The Colonel was at the hospital door soon after, along with Major Graham, both anxious to hear about Bracy's hurt.
"Bad," said the Doctor shortly as he put on his coat. "Don't ask to see the poor boy; he's just dropping off to sleep."
"Bad?" said the Colonel anxiously.
"Yes, bad, sir. A young fellow can't have a hole drilled right through him by a piece of ragged iron without being in a very serious condition."
"But the wound is not fatal?"
"H'm! no, not fatal. He's young, strong, and healthy; but the exit of the missile was in close proximity to the spine, and there's no knowing what mischief may have been done."
"What do you mean?" said the Colonel anxiously.
"Injury to the nerve centre there. I can't say.

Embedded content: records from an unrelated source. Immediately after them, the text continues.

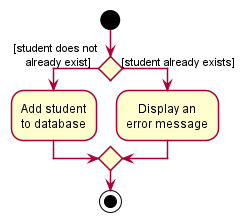

The diagram above was rendered by PlantUML. Its source (embedded in the PNG):
@startuml
!include style.puml

start
if() then ([student does not\n    already exist])
  :Add student\nto database;
else ([student already exists])
  :Display an\nerror message;
endif
stop

@enduml
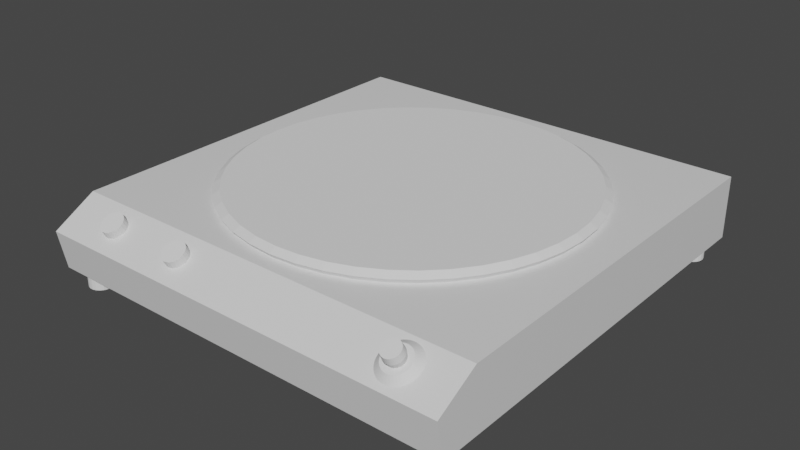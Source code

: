 # Source: Hot_plate.blend  (saved by Blender 2.93.21; exported with 4.5.12 LTS)
import bpy
from mathutils import Matrix  # noqa: F401  (used for matrix-valued properties, if any)

bpy.ops.wm.read_factory_settings(use_empty=True)
scene = bpy.context.scene
scene.name = 'Scene'

# ---- collections
col_collection = bpy.data.collections.new('Collection'); scene.collection.children.link(col_collection)

# ---- materials (node trees are filled in below, after node groups)
mat_material = bpy.data.materials.new('Material')
mat_material.alpha_threshold = 0.0
mat_material.use_transparent_shadow = False
mat_material.line_color = (0.0, 0.0, 0.0, 1.0)

# ---- material node trees
mat_material.use_nodes = True; mat_material.node_tree.nodes.clear()
_N = mat_material.node_tree.nodes; _L = mat_material.node_tree.links
n0 = _N.new('ShaderNodeOutputMaterial'); n0.name = 'Material Output'; n0.location = (300, 300)
n1 = _N.new('ShaderNodeBsdfPrincipled'); n1.name = 'Principled BSDF'; n1.location = (10, 300)
n1.distribution = 'GGX'
n1.subsurface_method = 'BURLEY'
n1.inputs[2].default_value = 0.4
n1.inputs[3].default_value = 1.45
n1.inputs[27].default_value = (0.0, 0.0, 0.0, 1.0)
n1.inputs[28].default_value = 1.0
_L.new(n1.outputs[0], n0.inputs[0])
n0.is_active_output = True

# ---- world
world_world = bpy.data.worlds.new('World'); scene.world = world_world
world_world.use_nodes = True; world_world.node_tree.nodes.clear()
_N = world_world.node_tree.nodes; _L = world_world.node_tree.links
n0 = _N.new('ShaderNodeOutputWorld'); n0.name = 'World Output'; n0.location = (300, 300)
n1 = _N.new('ShaderNodeBackground'); n1.name = 'Background'; n1.location = (10, 300)
n1.inputs[0].default_value = (0.05088, 0.05088, 0.05088, 1.0)
_L.new(n1.outputs[0], n0.inputs[0])
n0.is_active_output = True
world_world.color = (0.05088, 0.05088, 0.05088)
world_world.use_sun_shadow = False
world_world.sun_shadow_jitter_overblur = 0.0

# ---- meshes
me_cube = bpy.data.meshes.new('Cube')
me_cube.from_pydata([(2.424, 2.397, 0.3279), (2.424, 2.397, -0.3871), (2.424, -2.099, 0.3279), (2.424, -2.505, -0.3871), (-2.424, 2.397, 0.3279), (-2.424, 2.397, -0.3871), (-2.424, -2.099, 0.3279), (-2.424, -2.505, -0.3871), (2.424, 2.397, 0.05919), (-2.424, -2.586, 0.05919), (2.424, -2.586, 0.05919), (-2.424, 2.397, 0.05919)], [], [(0, 4, 6, 2), (10, 2, 6, 9), (9, 6, 4, 11), (5, 1, 3, 7), (8, 0, 2, 10), (11, 4, 0, 8), (5, 11, 8, 1), (1, 8, 10, 3), (7, 9, 11, 5), (3, 10, 9, 7)])
_uv = me_cube.uv_layers.new(name='UVMap')
_uv.uv.foreach_set('vector', [0.625, 0.5, 0.875, 0.5, 0.875, 0.75, 0.625, 0.75, 0.5, 0.75, 0.625, 0.75, 0.625, 1.0, 0.5, 1.0, 0.5, 0.0, 0.625, 0.0, 0.625, 0.25, 0.5, 0.25, 0.125, 0.5, 0.375, 0.5, 0.375, 0.75, 0.125, 0.75, 0.5, 0.5, 0.625, 0.5, 0.625, 0.75, 0.5, 0.75, 0.5, 0.25, 0.625, 0.25, 0.625, 0.5, 0.5, 0.5, 0.375, 0.25, 0.5, 0.25, 0.5, 0.5, 0.375, 0.5, 0.375, 0.5, 0.5, 0.5, 0.5, 0.75, 0.375, 0.75, 0.375, 0.0, 0.5, 0.0, 0.5, 0.25, 0.375, 0.25, 0.375, 0.75, 0.5, 0.75, 0.5, 1.0, 0.375, 1.0])
me_cube.materials.append(mat_material)
me_cube.use_remesh_preserve_volume = False
me_cube.use_remesh_preserve_attributes = False
me_cube.use_mirror_vertex_groups = False
me_cube.update()
me_cylinder = bpy.data.meshes.new('Cylinder')
me_cylinder.from_pydata([(0.0, 0.14, -0.095), (0.0, 0.14, 0.095), (0.04127, 0.1338, -0.095), (0.04127, 0.1338, 0.095), (0.07886, 0.1157, -0.095), (0.07886, 0.1157, 0.095), (0.1095, 0.08729, -0.095), (0.1095, 0.08729, 0.095), (0.1303, 0.05115, -0.095), (0.1303, 0.05115, 0.095), (0.1396, 0.01046, -0.095), (0.1396, 0.01046, 0.095), (0.1365, -0.03115, -0.095), (0.1365, -0.03115, 0.095), (0.1212, -0.07, -0.095), (0.1212, -0.07, 0.095), (0.09522, -0.1026, -0.095), (0.09522, -0.1026, 0.095), (0.06074, -0.1261, -0.095), (0.06074, -0.1261, 0.095), (0.02087, -0.1384, -0.095), (0.02087, -0.1384, 0.095), (-0.02087, -0.1384, -0.095), (-0.02087, -0.1384, 0.095), (-0.06074, -0.1261, -0.095), (-0.06074, -0.1261, 0.095), (-0.09522, -0.1026, -0.095), (-0.09522, -0.1026, 0.095), (-0.1212, -0.07, -0.095), (-0.1212, -0.07, 0.095), (-0.1365, -0.03115, -0.095), (-0.1365, -0.03115, 0.095), (-0.1396, 0.01046, -0.095), (-0.1396, 0.01046, 0.095), (-0.1303, 0.05115, -0.095), (-0.1303, 0.05115, 0.095), (-0.1095, 0.08729, -0.095), (-0.1095, 0.08729, 0.095), (-0.07886, 0.1157, -0.095), (-0.07886, 0.1157, 0.095), (-0.04127, 0.1338, -0.095), (-0.04127, 0.1338, 0.095)], [], [(0, 1, 3, 2), (2, 3, 5, 4), (4, 5, 7, 6), (6, 7, 9, 8), (8, 9, 11, 10), (10, 11, 13, 12), (12, 13, 15, 14), (14, 15, 17, 16), (16, 17, 19, 18), (18, 19, 21, 20), (20, 21, 23, 22), (22, 23, 25, 24), (24, 25, 27, 26), (26, 27, 29, 28), (28, 29, 31, 30), (30, 31, 33, 32), (32, 33, 35, 34), (34, 35, 37, 36), (36, 37, 39, 38), (3, 1, 41, 39, 37, 35, 33, 31, 29, 27, 25, 23, 21, 19, 17, 15, 13, 11, 9, 7, 5), (38, 39, 41, 40), (40, 41, 1, 0), (0, 2, 4, 6, 8, 10, 12, 14, 16, 18, 20, 22, 24, 26, 28, 30, 32, 34, 36, 38, 40)])
_uv = me_cylinder.uv_layers.new(name='UVMap')
_uv.uv.foreach_set('vector', [1.0, 0.5, 1.0, 1.0, 0.9524, 1.0, 0.9524, 0.5, 0.9524, 0.5, 0.9524, 1.0, 0.9048, 1.0, 0.9048, 0.5, 0.9048, 0.5, 0.9048, 1.0, 0.8571, 1.0, 0.8571, 0.5, 0.8571, 0.5, 0.8571, 1.0, 0.8095, 1.0, 0.8095, 0.5, 0.8095, 0.5, 0.8095, 1.0, 0.7619, 1.0, 0.7619, 0.5, 0.7619, 0.5, 0.7619, 1.0, 0.7143, 1.0, 0.7143, 0.5, 0.7143, 0.5, 0.7143, 1.0, 0.6667, 1.0, 0.6667, 0.5, 0.6667, 0.5, 0.6667, 1.0, 0.619, 1.0, 0.619, 0.5, 0.619, 0.5, 0.619, 1.0, 0.5714, 1.0, 0.5714, 0.5, 0.5714, 0.5, 0.5714, 1.0, 0.5238, 1.0, 0.5238, 0.5, 0.5238, 0.5, 0.5238, 1.0, 0.4762, 1.0, 0.4762, 0.5, 0.4762, 0.5, 0.4762, 1.0, 0.4286, 1.0, 0.4286, 0.5, 0.4286, 0.5, 0.4286, 1.0, 0.381, 1.0, 0.381, 0.5, 0.381, 0.5, 0.381, 1.0, 0.3333, 1.0, 0.3333, 0.5, 0.3333, 0.5, 0.3333, 1.0, 0.2857, 1.0, 0.2857, 0.5, 0.2857, 0.5, 0.2857, 1.0, 0.2381, 1.0, 0.2381, 0.5, 0.2381, 0.5, 0.2381, 1.0, 0.1905, 1.0, 0.1905, 0.5, 0.1905, 0.5, 0.1905, 1.0, 0.1429, 1.0, 0.1429, 0.5, 0.1429, 0.5, 0.1429, 1.0, 0.09524, 1.0, 0.09524, 0.5, 0.3207, 0.4793, 0.25, 0.49, 0.1793, 0.4793, 0.1148, 0.4483, 0.06236, 0.3996, 0.02659, 0.3377, 0.01067, 0.2679, 0.01602, 0.1966, 0.04215, 0.13, 0.08676, 0.07407, 0.1459, 0.03377, 0.2142, 0.01268, 0.2858, 0.01268, 0.3541, 0.03377, 0.4132, 0.07407, 0.4578, 0.13, 0.484, 0.1966, 0.4893, 0.2679, 0.4734, 0.3377, 0.4376, 0.3996, 0.3852, 0.4483, 0.09524, 0.5, 0.09524, 1.0, 0.04762, 1.0, 0.04762, 0.5, 0.04762, 0.5, 0.04762, 1.0, 5.215e-08, 1.0, 5.215e-08, 0.5, 0.75, 0.49, 0.8207, 0.4793, 0.8852, 0.4483, 0.9376, 0.3996, 0.9734, 0.3377, 0.9893, 0.2679, 0.984, 0.1966, 0.9578, 0.13, 0.9132, 0.07407, 0.8541, 0.03377, 0.7858, 0.01268, 0.7142, 0.01268, 0.6459, 0.03377, 0.5868, 0.07407, 0.5422, 0.13, 0.516, 0.1966, 0.5107, 0.2679, 0.5266, 0.3377, 0.5624, 0.3996, 0.6148, 0.4483, 0.6793, 0.4793])
me_cylinder.use_remesh_fix_poles = True
me_cylinder.use_remesh_preserve_attributes = False
me_cylinder.update()
me_cylinder_001 = bpy.data.meshes.new('Cylinder.001')
me_cylinder_001.from_pydata([(0.0, 0.14, -0.095), (0.0, 0.14, 0.095), (0.04127, 0.1338, -0.095), (0.04127, 0.1338, 0.095), (0.07886, 0.1157, -0.095), (0.07886, 0.1157, 0.095), (0.1095, 0.08729, -0.095), (0.1095, 0.08729, 0.095), (0.1303, 0.05115, -0.095), (0.1303, 0.05115, 0.095), (0.1396, 0.01046, -0.095), (0.1396, 0.01046, 0.095), (0.1365, -0.03115, -0.095), (0.1365, -0.03115, 0.095), (0.1212, -0.07, -0.095), (0.1212, -0.07, 0.095), (0.09522, -0.1026, -0.095), (0.09522, -0.1026, 0.095), (0.06074, -0.1261, -0.095), (0.06074, -0.1261, 0.095), (0.02087, -0.1384, -0.095), (0.02087, -0.1384, 0.095), (-0.02087, -0.1384, -0.095), (-0.02087, -0.1384, 0.095), (-0.06074, -0.1261, -0.095), (-0.06074, -0.1261, 0.095), (-0.09522, -0.1026, -0.095), (-0.09522, -0.1026, 0.095), (-0.1212, -0.07, -0.095), (-0.1212, -0.07, 0.095), (-0.1365, -0.03115, -0.095), (-0.1365, -0.03115, 0.095), (-0.1396, 0.01046, -0.095), (-0.1396, 0.01046, 0.095), (-0.1303, 0.05115, -0.095), (-0.1303, 0.05115, 0.095), (-0.1095, 0.08729, -0.095), (-0.1095, 0.08729, 0.095), (-0.07886, 0.1157, -0.095), (-0.07886, 0.1157, 0.095), (-0.04127, 0.1338, -0.095), (-0.04127, 0.1338, 0.095)], [], [(0, 1, 3, 2), (2, 3, 5, 4), (4, 5, 7, 6), (6, 7, 9, 8), (8, 9, 11, 10), (10, 11, 13, 12), (12, 13, 15, 14), (14, 15, 17, 16), (16, 17, 19, 18), (18, 19, 21, 20), (20, 21, 23, 22), (22, 23, 25, 24), (24, 25, 27, 26), (26, 27, 29, 28), (28, 29, 31, 30), (30, 31, 33, 32), (32, 33, 35, 34), (34, 35, 37, 36), (36, 37, 39, 38), (3, 1, 41, 39, 37, 35, 33, 31, 29, 27, 25, 23, 21, 19, 17, 15, 13, 11, 9, 7, 5), (38, 39, 41, 40), (40, 41, 1, 0), (0, 2, 4, 6, 8, 10, 12, 14, 16, 18, 20, 22, 24, 26, 28, 30, 32, 34, 36, 38, 40)])
_uv = me_cylinder_001.uv_layers.new(name='UVMap')
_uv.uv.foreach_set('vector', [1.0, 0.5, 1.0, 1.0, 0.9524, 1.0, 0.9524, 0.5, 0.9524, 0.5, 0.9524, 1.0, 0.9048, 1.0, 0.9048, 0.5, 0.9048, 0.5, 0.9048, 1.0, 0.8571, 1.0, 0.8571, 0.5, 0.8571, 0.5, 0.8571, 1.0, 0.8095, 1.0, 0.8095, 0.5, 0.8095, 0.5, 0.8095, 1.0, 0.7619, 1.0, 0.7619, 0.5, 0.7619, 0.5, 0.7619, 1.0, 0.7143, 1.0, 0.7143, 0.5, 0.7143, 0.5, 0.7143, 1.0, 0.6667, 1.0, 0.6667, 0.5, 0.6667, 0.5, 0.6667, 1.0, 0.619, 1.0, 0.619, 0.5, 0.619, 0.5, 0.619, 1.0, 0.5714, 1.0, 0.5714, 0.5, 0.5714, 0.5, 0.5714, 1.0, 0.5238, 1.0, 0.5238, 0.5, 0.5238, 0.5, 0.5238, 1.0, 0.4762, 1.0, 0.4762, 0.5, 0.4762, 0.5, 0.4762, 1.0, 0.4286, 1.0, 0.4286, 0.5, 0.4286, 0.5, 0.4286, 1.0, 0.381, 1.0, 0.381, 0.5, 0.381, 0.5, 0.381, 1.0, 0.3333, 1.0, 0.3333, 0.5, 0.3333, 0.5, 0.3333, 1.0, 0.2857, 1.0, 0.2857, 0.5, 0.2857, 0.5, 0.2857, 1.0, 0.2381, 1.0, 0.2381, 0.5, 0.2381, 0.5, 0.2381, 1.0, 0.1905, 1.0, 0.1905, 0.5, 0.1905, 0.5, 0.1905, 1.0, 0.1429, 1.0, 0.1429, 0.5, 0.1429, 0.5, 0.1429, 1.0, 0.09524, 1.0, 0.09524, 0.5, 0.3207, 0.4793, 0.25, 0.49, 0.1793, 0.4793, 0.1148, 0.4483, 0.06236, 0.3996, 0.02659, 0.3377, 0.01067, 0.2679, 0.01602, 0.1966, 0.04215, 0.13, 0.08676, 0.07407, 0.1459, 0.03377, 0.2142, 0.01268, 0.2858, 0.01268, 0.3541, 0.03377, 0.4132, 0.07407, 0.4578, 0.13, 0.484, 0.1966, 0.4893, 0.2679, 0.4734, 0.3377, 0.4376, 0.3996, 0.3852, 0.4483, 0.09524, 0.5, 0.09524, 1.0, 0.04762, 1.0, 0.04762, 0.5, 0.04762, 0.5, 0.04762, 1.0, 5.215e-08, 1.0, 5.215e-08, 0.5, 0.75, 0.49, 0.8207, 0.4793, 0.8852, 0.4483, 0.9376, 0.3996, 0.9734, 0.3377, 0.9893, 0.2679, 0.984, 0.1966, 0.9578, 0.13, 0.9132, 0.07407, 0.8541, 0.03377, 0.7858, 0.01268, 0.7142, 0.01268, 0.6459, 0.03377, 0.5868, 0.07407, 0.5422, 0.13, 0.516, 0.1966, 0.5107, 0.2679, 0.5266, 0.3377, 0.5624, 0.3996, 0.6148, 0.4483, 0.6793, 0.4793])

Possibly nothing may follow, but I am obliged to say the wound is bad, and there is danger of his being crippled--permanently injured in a way which would render him unfit for service."
"But look here," said the Major excitedly, "you have a bad habit of making the worst of things, Morton. Come, explain yourself. Are there any symptoms suggestive of what you hint at?"
"My dear Graham, I never come and interfere with your work; don't you meddle with mine."
"I don't want to, sir," said the Major tartly. "I only want for the Colonel and yours obediently not to be left in the dark."
"Graham is quite right," said the Colonel gravely. "We should like to know a little more."
"Very good," said the Doctor, "but I can only say this: there is a peculiar absence of sensation in the lower extremities, and especially in the poor fellow's left arm. This may be temporary, and due to the terrible shock of the wound; but it also may be consequent upon injury to the nerves in connection with the spine. I can say no more. Time only will show."
The two officers left the hospital-room, looking terribly depressed.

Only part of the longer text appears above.